The third caveat is the most serious one that resides in the doubts of every computational neuroscientist. Neural networks and all its promises were discovered in the 1950’s. All the science fiction books and movies of the time had super-computing androids walking and flying around by now. Instead, we have automated phone agents most of us try to bypass, driverless cars that upon reflection are fancy cruise controls, and the Roomba. Why is there such a large gap? There are countless charts showing available computing resources being the equivalent of an insect brain, with future growth matching a rat brain, a cat brain, a monkey brain, a chimpanzee brain, and finally a human brain in decades. This implies that all we need is for the engineers to develop faster computers in accordance with Moore’s Law. But what about King Mu’s artificier, Solomon’s animals, da Vinci’s robots, Vaucanson’s duck, and others? Surely they also thought that real, life-like intelligence was just around the corner if not here already – hundreds and thousands of years ago.

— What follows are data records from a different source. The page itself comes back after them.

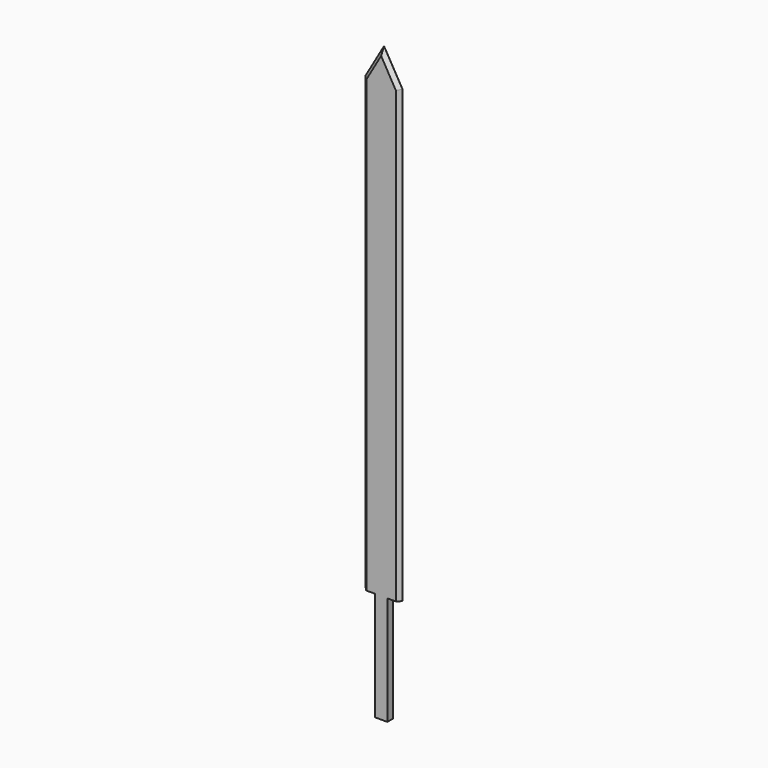
from build123d import *

# Parameters (mm, degrees)
F0_W        = 2.6332533453
F0_H        = 23.0305567384
F1_DEPTH    = 1.524
F2_SIZE     = 1
F3_SIZE     = 1
F4_T1_DEPTH = 13.8806275065
F5_T1_DEPTH = 12.7259269681
F6_SIZE     = 1
F7_T1_DEPTH = 98.6181021709
F8_SIZE     = 1
F9_T1_DEPTH = 98.6181021709


# Not quite as in the source:
# - a fillet or chamfer that OpenCascade refuses, or shapes differently, is made with other operations: its cross-section is extruded or revolved along the edge and cut away or added


with BuildPart() as f1:
    # F0 (on Front) → F1 (new body)
    with BuildSketch(Plane.XZ):
        Polygon((-4.1333585978, 47.5307323504), (4.1333585978, 47.5307323504), (4.3686307653, 47.5307323504), (0, 55.0974227954), (-4.3686307653, 47.5307323504), align=None)
        Polygon((4.1333585978, -47.5365004968), (4.1333585978, 47.5307323504), (-4.1333585978, 47.5307323504), (-4.1333585978, -47.5365004968), (-1.3166266726, -47.5365004968), (1.3166266726, -47.5365004968), align=None)
        with Locations((0, -59.051778866)):
            Rectangle(F0_W, F0_H)
    extrude(amount=F1_DEPTH)

    # F2
    f2_edges = [f1.edges().sort_by_distance(p)[0] for p in [
        (-2.184315, -1.524, 51.314078),
    ]]
    chamfer(f2_edges, length=F2_SIZE)

    # F3
    f3_edges = [f1.edges().sort_by_distance(p)[0] for p in [
        (2.472991, -1.524, 50.814078),
    ]]
    chamfer(f3_edges, length=F3_SIZE)

    # F4: chamfer of 1 on 1 edges, made by hand

    # F4_s2 → F4_t1 (cut)
    with BuildSketch(Plane(origin=(-18.2034116527, 0, 31.5292338535), x_dir=(0, 1, 0), z_dir=(-0.5, 0, 0.8660254038))):
        Polygon((-1, -27.5487113977), (0, -26.5487113977), (0, -27.5487113977), align=None)
    extrude(amount=F4_T1_DEPTH, mode=Mode.SUBTRACT)

    # F5: chamfer of 1 on 1 edges, made by hand

    # F5_s2 → F5_t1 (cut)
    with BuildSketch(Plane(origin=(24.5663751367, 0, 42.5502098946), x_dir=(0, 1, 0), z_dir=(-0.5, 0, -0.8660254038))):
        Polygon((0, -26.5487113977), (-1, -27.5487113977), (0, -27.5487113977), align=None)
    extrude(amount=F5_T1_DEPTH, mode=Mode.SUBTRACT)

    # F6
    f6_edges = [f1.edges().sort_by_distance(p)[0] for p in [
        (4.133359, -1.524, -0.799132),
    ]]
    chamfer(f6_edges, length=F6_SIZE)

    # F7: chamfer of 1 on 1 edges, made by hand

    # F7_s2 → F7_t1 (cut)
    with BuildSketch(Plane.XY.offset(-50.1081834848)):
        Polygon((4.1333585978, -1), (3.1333585978, 0), (4.1333585978, 0), align=None)
    extrude(amount=F7_T1_DEPTH, mode=Mode.SUBTRACT)

    # F8
    f8_edges = [f1.edges().sort_by_distance(p)[0] for p in [
        (-4.133359, 0, -0.799132),
    ]]
    chamfer(f8_edges, length=F8_SIZE)

    # F9: chamfer of 1 on 1 edges, made by hand

    # F9_s2 → F9_t1 (cut)
    with BuildSketch(Plane.XY.offset(-50.1081834848)):
        Polygon((-4.1333585978, -0.524), (-3.1333585978, -1.524), (-4.1333585978, -1.524), align=None)
    extrude(amount=F9_T1_DEPTH, mode=Mode.SUBTRACT)


solid = f1.part

How much processing power and storage capacity does the human brain really require? How many GigaHertz does it go? How many TerraBytes does it have? That makes the human brain target number. Divide that number by a modern laptop with an Intel quad-core i7 with 3 GigaHertz clock speed and a 1 TerraByte hard drive and we get our number. Maybe it is 16,000 cores. Maybe it is 16,000,000 cores. It depends on the human brain target number assumptions. And there are a lot of assumptions.

If those assumptions are wrong, then the human brain target number is completely undefined. What if the human brain target number is the wrong question? What if, for all we know about visual processing, the lateral geniculate nucleus, and the inferior temporal cortex, we are looking in the wrong place for understanding how we recognize a cat? What if, for example, a cat is not intrinsically a cat but some externally derived, artificial concept supervised and imprinted on us by our parents such that we identify that which we feel has value to them? Then the human intelligence behind cat image detection is not measured in GigaHertz or TerraBytes. No amount of GigaHertz or TerraBytes will make a human brain. No amount of cores will make a human brain.

Then our consolation is that we may be able to salvage something of our work and research careers and take our places among the creators of King Mu’s artificer, Solomon’s animals, da Vinci’s robots, and Vaucanson’s duck. But we would need to wait for the next generation to try again for real, lifelike intelligence to recognize a cat like a human or a chimpanzee or a cat would, but not like a Word document or a Google search does.